Judge Grove denied the employee’s claim, concluding that the injury did not arise out of the employment pursuant to Dykhoff v. Xcel Energy.  In doing so, Judge Grove, relying on the employee’s testimony, determined that there was insufficient evidence to establish a causal connection between hurrying and the fall, thus making the fall unexplained. 
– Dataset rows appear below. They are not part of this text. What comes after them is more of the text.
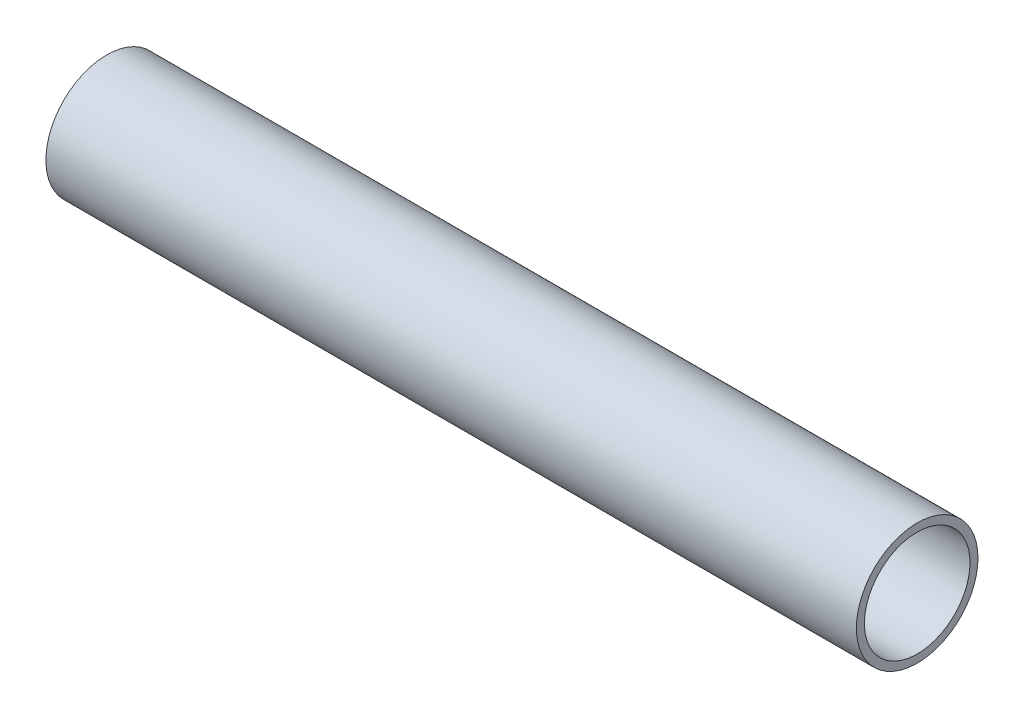
from build123d import *

# Parameters (mm, degrees)
SKETCH1_R           = 76.2
SKETCH1_R_2         = 66.2
BOSS_EXTRUDE1_DEPTH = 1016


with BuildPart() as part:
    # Sketch1 → Boss-Extrude1 (new body)
    with BuildSketch(Plane.YZ):
        Circle(SKETCH1_R)
        Circle(SKETCH1_R_2, mode=Mode.SUBTRACT)
    extrude(amount=BOSS_EXTRUDE1_DEPTH)


solid = part.part

On appeal, the Employee again argued that she was “walking fast” and “hurrying” on her way to punch out.  Relying on prior WCCA decisions in Kubis, Williams and Erven, the Employee argued that hurrying while walking, by itself, presented an increased risk of injury.  In rejecting this argument and affirming Judge Grove’ decision, the WCCA did not specifically decide whether hurrying, by itself, would constitute an increased risk of injury in every case.  Rather, the court focused on the Employee’s testimony that she did not know why she fell and did not connect hurrying to her fall.  Citing Dykhoff and Roller-Dick, the WCCA emphasized that unexplained falls are not compensable under Minnesota workers’ compensation law.  Walking on a non-slippery, flat, dry and debris-free floor is a neutral condition and, absent an increased risk of injury, injuries in a neutral setting are not compensable.  Although the hurrying was argued to be the hazard, substantial evidence supported the compensation Judge’s determination that the Employee failed to establish a causal connection between hurrying and the fall.  In turn, the WCCA affirmed Judge Grove’s decision.